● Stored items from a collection
________________________

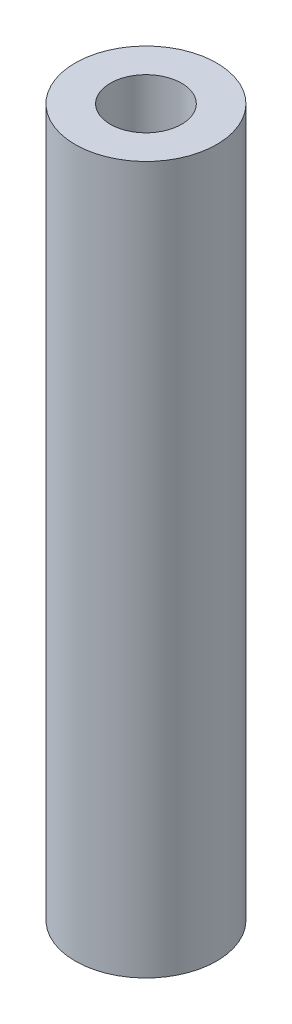
ISO-10303-21;
HEADER;
FILE_DESCRIPTION(('STEP AP214'),'2;1');
FILE_NAME('part.step','',(''),(''),'','','');
FILE_SCHEMA(('AUTOMOTIVE_DESIGN { 1 0 10303 214 1 1 1 1 }'));
ENDSEC;
DATA;
#1=APPLICATION_CONTEXT('core data for automotive mechanical design processes');
#2=APPLICATION_PROTOCOL_DEFINITION('international standard','automotive_design',2000,#1);
#3=PRODUCT_CONTEXT('',#1,'mechanical');
#4=PRODUCT('Part','Part','',(#3));
#5=PRODUCT_RELATED_PRODUCT_CATEGORY('part','',(#4));
#6=PRODUCT_DEFINITION_FORMATION('','',#4);
#7=PRODUCT_DEFINITION_CONTEXT('part definition',#1,'design');
#8=PRODUCT_DEFINITION('design','',#6,#7);
#9=PRODUCT_DEFINITION_SHAPE('','',#8);
#10=(LENGTH_UNIT() NAMED_UNIT(*) SI_UNIT(.MILLI.,.METRE.));
#11=(NAMED_UNIT(*) PLANE_ANGLE_UNIT() SI_UNIT($,.RADIAN.));
#12=(NAMED_UNIT(*) SI_UNIT($,.STERADIAN.) SOLID_ANGLE_UNIT());
#13=UNCERTAINTY_MEASURE_WITH_UNIT(LENGTH_MEASURE(1.E-05),#10,'distance_accuracy_value','');
#14=(GEOMETRIC_REPRESENTATION_CONTEXT(3) GLOBAL_UNCERTAINTY_ASSIGNED_CONTEXT((#13)) GLOBAL_UNIT_ASSIGNED_CONTEXT((#10,
#11,#12)) REPRESENTATION_CONTEXT('',''));
#15=CARTESIAN_POINT('',(0.,0.,0.));
#16=DIRECTION('',(0.,0.,1.));
#17=DIRECTION('',(1.,0.,0.));
#18=AXIS2_PLACEMENT_3D('',#15,#16,#17);
#19=CARTESIAN_POINT('',(0.,63.5,0.));
#20=DIRECTION('',(0.,1.,0.));
#21=DIRECTION('',(0.,0.,1.));
#22=AXIS2_PLACEMENT_3D('',#19,#20,#21);
#23=PLANE('',#22);
#24=CARTESIAN_POINT('',(0.,63.5,0.));
#25=DIRECTION('',(0.,1.,0.));
#26=DIRECTION('',(0.,0.,1.));
#27=AXIS2_PLACEMENT_3D('',#24,#25,#26);
#28=CIRCLE('',#27,6.35);
#29=CARTESIAN_POINT('',(0.,63.5,6.35));
#30=VERTEX_POINT('',#29);
#31=EDGE_CURVE('E10',#30,#30,#28,.T.);
#32=ORIENTED_EDGE('',*,*,#31,.T.);
#33=EDGE_LOOP('',(#32));
#34=FACE_BOUND('',#33,.T.);
#35=CARTESIAN_POINT('',(0.,63.5,0.));
#36=DIRECTION('',(0.,1.,0.));
#37=DIRECTION('',(0.,0.,1.));
#38=AXIS2_PLACEMENT_3D('',#35,#36,#37);
#39=CIRCLE('',#38,3.2004);
#40=CARTESIAN_POINT('',(0.,63.5,3.2004));
#41=VERTEX_POINT('',#40);
#42=EDGE_CURVE('E41',#41,#41,#39,.T.);
#43=ORIENTED_EDGE('',*,*,#42,.F.);
#44=EDGE_LOOP('',(#43));
#45=FACE_BOUND('',#44,.T.);
#46=ADVANCED_FACE('F30',(#34,#45),#23,.T.);
#47=CARTESIAN_POINT('',(0.,0.,0.));
#48=DIRECTION('',(0.,1.,0.));
#49=DIRECTION('',(0.,0.,1.));
#50=AXIS2_PLACEMENT_3D('',#47,#48,#49);
#51=PLANE('',#50);
#52=CARTESIAN_POINT('',(0.,0.,0.));
#53=DIRECTION('',(0.,1.,0.));
#54=DIRECTION('',(0.,0.,1.));
#55=AXIS2_PLACEMENT_3D('',#52,#53,#54);
#56=CIRCLE('',#55,6.35);
#57=CARTESIAN_POINT('',(0.,0.,6.35));
#58=VERTEX_POINT('',#57);
#59=EDGE_CURVE('E34',#58,#58,#56,.T.);
#60=ORIENTED_EDGE('',*,*,#59,.F.);
#61=EDGE_LOOP('',(#60));
#62=FACE_BOUND('',#61,.T.);
#63=CARTESIAN_POINT('',(0.,0.,0.));
#64=DIRECTION('',(0.,1.,0.));
#65=DIRECTION('',(0.,0.,1.));
#66=AXIS2_PLACEMENT_3D('',#63,#64,#65);
#67=CIRCLE('',#66,3.2004);
#68=CARTESIAN_POINT('',(0.,0.,3.2004));
#69=VERTEX_POINT('',#68);
#70=EDGE_CURVE('E43',#69,#69,#67,.T.);
#71=ORIENTED_EDGE('',*,*,#70,.T.);
#72=EDGE_LOOP('',(#71));
#73=FACE_BOUND('',#72,.T.);
#74=ADVANCED_FACE('F53',(#62,#73),#51,.F.);
#75=CARTESIAN_POINT('',(0.,63.5,0.));
#76=DIRECTION('',(0.,-1.,0.));
#77=DIRECTION('',(0.,0.,-1.));
#78=AXIS2_PLACEMENT_3D('',#75,#76,#77);
#79=CYLINDRICAL_SURFACE('',#78,6.35);
#80=ORIENTED_EDGE('',*,*,#31,.F.);
#81=EDGE_LOOP('',(#80));
#82=FACE_BOUND('',#81,.T.);
#83=ORIENTED_EDGE('',*,*,#59,.T.);
#84=EDGE_LOOP('',(#83));
#85=FACE_BOUND('',#84,.T.);
#86=ADVANCED_FACE('F32',(#82,#85),#79,.T.);
#87=CARTESIAN_POINT('',(0.,63.5,0.));
#88=DIRECTION('',(0.,-1.,0.));
#89=DIRECTION('',(0.,0.,-1.));
#90=AXIS2_PLACEMENT_3D('',#87,#88,#89);
#91=CYLINDRICAL_SURFACE('',#90,3.2004);
#92=ORIENTED_EDGE('',*,*,#42,.T.);
#93=EDGE_LOOP('',(#92));
#94=FACE_BOUND('',#93,.T.);
#95=ORIENTED_EDGE('',*,*,#70,.F.);
#96=EDGE_LOOP('',(#95));
#97=FACE_BOUND('',#96,.T.);
#98=ADVANCED_FACE('F49',(#94,#97),#91,.F.);
#99=CLOSED_SHELL('',(#46,#74,#86,#98));
#100=MANIFOLD_SOLID_BREP('B2',#99);
#101=ADVANCED_BREP_SHAPE_REPRESENTATION('',(#18,#100),#14);
#102=SHAPE_DEFINITION_REPRESENTATION(#9,#101);
ENDSEC;
END-ISO-10303-21;
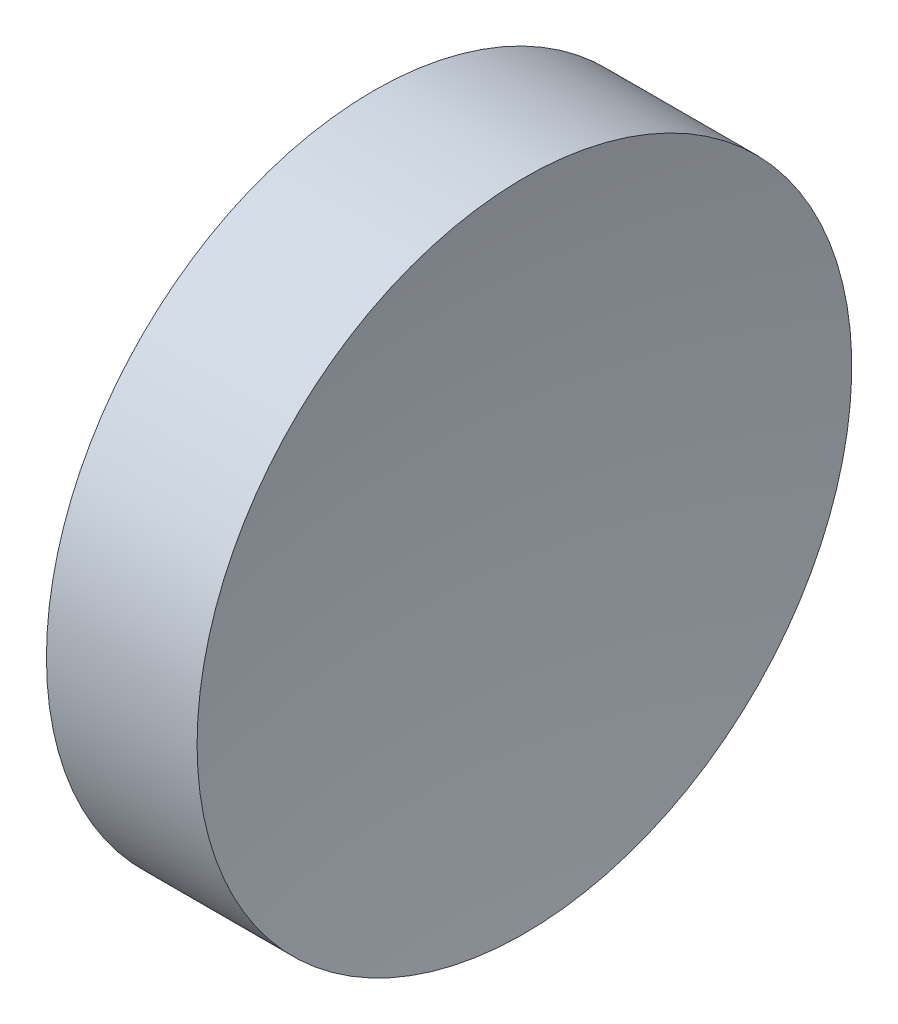
ISO-10303-21;
HEADER;
FILE_DESCRIPTION(('STEP AP214'),'2;1');
FILE_NAME('part.step','',(''),(''),'','','');
FILE_SCHEMA(('AUTOMOTIVE_DESIGN { 1 0 10303 214 1 1 1 1 }'));
ENDSEC;
DATA;
#1=APPLICATION_CONTEXT('core data for automotive mechanical design processes');
#2=APPLICATION_PROTOCOL_DEFINITION('international standard','automotive_design',2000,#1);
#3=PRODUCT_CONTEXT('',#1,'mechanical');
#4=PRODUCT('Part','Part','',(#3));
#5=PRODUCT_RELATED_PRODUCT_CATEGORY('part','',(#4));
#6=PRODUCT_DEFINITION_FORMATION('','',#4);
#7=PRODUCT_DEFINITION_CONTEXT('part definition',#1,'design');
#8=PRODUCT_DEFINITION('design','',#6,#7);
#9=PRODUCT_DEFINITION_SHAPE('','',#8);
#10=(LENGTH_UNIT() NAMED_UNIT(*) SI_UNIT(.MILLI.,.METRE.));
#11=(NAMED_UNIT(*) PLANE_ANGLE_UNIT() SI_UNIT($,.RADIAN.));
#12=(NAMED_UNIT(*) SI_UNIT($,.STERADIAN.) SOLID_ANGLE_UNIT());
#13=UNCERTAINTY_MEASURE_WITH_UNIT(LENGTH_MEASURE(1.E-05),#10,'distance_accuracy_value','');
#14=(GEOMETRIC_REPRESENTATION_CONTEXT(3) GLOBAL_UNCERTAINTY_ASSIGNED_CONTEXT((#13)) GLOBAL_UNIT_ASSIGNED_CONTEXT((#10,
#11,#12)) REPRESENTATION_CONTEXT('',''));
#15=CARTESIAN_POINT('',(0.,0.,0.));
#16=DIRECTION('',(0.,0.,1.));
#17=DIRECTION('',(1.,0.,0.));
#18=AXIS2_PLACEMENT_3D('',#15,#16,#17);
#19=CARTESIAN_POINT('',(48.7527034462293,65.2226028729874,0.));
#20=DIRECTION('',(-1.,0.,0.));
#21=DIRECTION('',(0.,1.,0.));
#22=AXIS2_PLACEMENT_3D('',#19,#20,#21);
#23=SPHERICAL_SURFACE('',#22,69.6);
#24=CARTESIAN_POINT('',(117.18420204154,65.2226028729874,0.));
#25=DIRECTION('',(-1.,0.,0.));
#26=DIRECTION('',(0.,0.,1.));
#27=AXIS2_PLACEMENT_3D('',#24,#25,#26);
#28=CIRCLE('',#27,12.7);
#29=CARTESIAN_POINT('',(117.18420204154,65.2226028729874,12.7));
#30=VERTEX_POINT('',#29);
#31=EDGE_CURVE('E43',#30,#30,#28,.T.);
#32=ORIENTED_EDGE('',*,*,#31,.T.);
#33=EDGE_LOOP('',(#32));
#34=FACE_BOUND('',#33,.T.);
#35=ADVANCED_FACE('F37',(#34),#23,.F.);
#36=CARTESIAN_POINT('',(191.452691592931,65.2226028729874,-0.0406199339281071));
#37=DIRECTION('',(0.,-1.,0.));
#38=DIRECTION('',(0.,0.,1.));
#39=AXIS2_PLACEMENT_3D('',#36,#37,#38);
#40=CIRCLE('',#39,69.6);
#41=TRIMMED_CURVE('',#40,(PARAMETER_VALUE(-1.57021270702142)),
(PARAMETER_VALUE(1.57021270702142)),.T.,.PARAMETER.);
#42=CARTESIAN_POINT('',(191.452691592931,65.2226028729874,0.));
#43=DIRECTION('',(-1.,0.,0.));
#44=AXIS1_PLACEMENT('',#42,#43);
#45=SURFACE_OF_REVOLUTION('',#41,#44);
#46=CARTESIAN_POINT('',(123.02874400366,65.2226028729874,0.));
#47=DIRECTION('',(-1.,0.,0.));
#48=DIRECTION('',(0.,0.,1.));
#49=AXIS2_PLACEMENT_3D('',#46,#47,#48);
#50=CIRCLE('',#49,12.7);
#51=CARTESIAN_POINT('',(123.02874400366,65.2226028729874,12.7));
#52=VERTEX_POINT('',#51);
#53=EDGE_CURVE('E11',#52,#52,#50,.T.);
#54=ORIENTED_EDGE('',*,*,#53,.F.);
#55=EDGE_LOOP('',(#54));
#56=FACE_BOUND('',#55,.T.);
#57=CARTESIAN_POINT('',(121.852703446229,65.2226028729874,0.));
#58=VERTEX_POINT('',#57);
#59=VERTEX_LOOP('',#58);
#60=FACE_BOUND('',#59,.T.);
#61=ADVANCED_FACE('F46',(#56,#60),#45,.F.);
#62=CARTESIAN_POINT('',(109.936935226086,65.2226028729874,0.));
#63=DIRECTION('',(-1.,0.,0.));
#64=DIRECTION('',(0.,0.,1.));
#65=AXIS2_PLACEMENT_3D('',#62,#63,#64);
#66=CYLINDRICAL_SURFACE('',#65,12.7);
#67=ORIENTED_EDGE('',*,*,#31,.F.);
#68=EDGE_LOOP('',(#67));
#69=FACE_BOUND('',#68,.T.);
#70=ORIENTED_EDGE('',*,*,#53,.T.);
#71=EDGE_LOOP('',(#70));
#72=FACE_BOUND('',#71,.T.);
#73=ADVANCED_FACE('F48',(#69,#72),#66,.T.);
#74=CLOSED_SHELL('',(#35,#61,#73));
#75=MANIFOLD_SOLID_BREP('B2',#74);
#76=ADVANCED_BREP_SHAPE_REPRESENTATION('',(#18,#75),#14);
#77=SHAPE_DEFINITION_REPRESENTATION(#9,#76);
ENDSEC;
END-ISO-10303-21;

________________________

● REQUIRED WORK
Starting at the line that contains "#29=CARTESIAN_POINT('',(0.,63.5,6.35));" and stopping after the line that contains "#48=DIRECTION('',(0.,1.,0.));", write out every line exactly as it appears above, and no other line.

● ANSWER TO THE EXERCISE
#29=CARTESIAN_POINT('',(0.,63.5,6.35));
#30=VERTEX_POINT('',#29);
#31=EDGE_CURVE('E10',#30,#30,#28,.T.);
#32=ORIENTED_EDGE('',*,*,#31,.T.);
#33=EDGE_LOOP('',(#32));
#34=FACE_BOUND('',#33,.T.);
#35=CARTESIAN_POINT('',(0.,63.5,0.));
#36=DIRECTION('',(0.,1.,0.));
#37=DIRECTION('',(0.,0.,1.));
#38=AXIS2_PLACEMENT_3D('',#35,#36,#37);
#39=CIRCLE('',#38,3.2004);
#40=CARTESIAN_POINT('',(0.,63.5,3.2004));
#41=VERTEX_POINT('',#40);
#42=EDGE_CURVE('E41',#41,#41,#39,.T.);
#43=ORIENTED_EDGE('',*,*,#42,.F.);
#44=EDGE_LOOP('',(#43));
#45=FACE_BOUND('',#44,.T.);
#46=ADVANCED_FACE('F30',(#34,#45),#23,.T.);
#47=CARTESIAN_POINT('',(0.,0.,0.));
#48=DIRECTION('',(0.,1.,0.));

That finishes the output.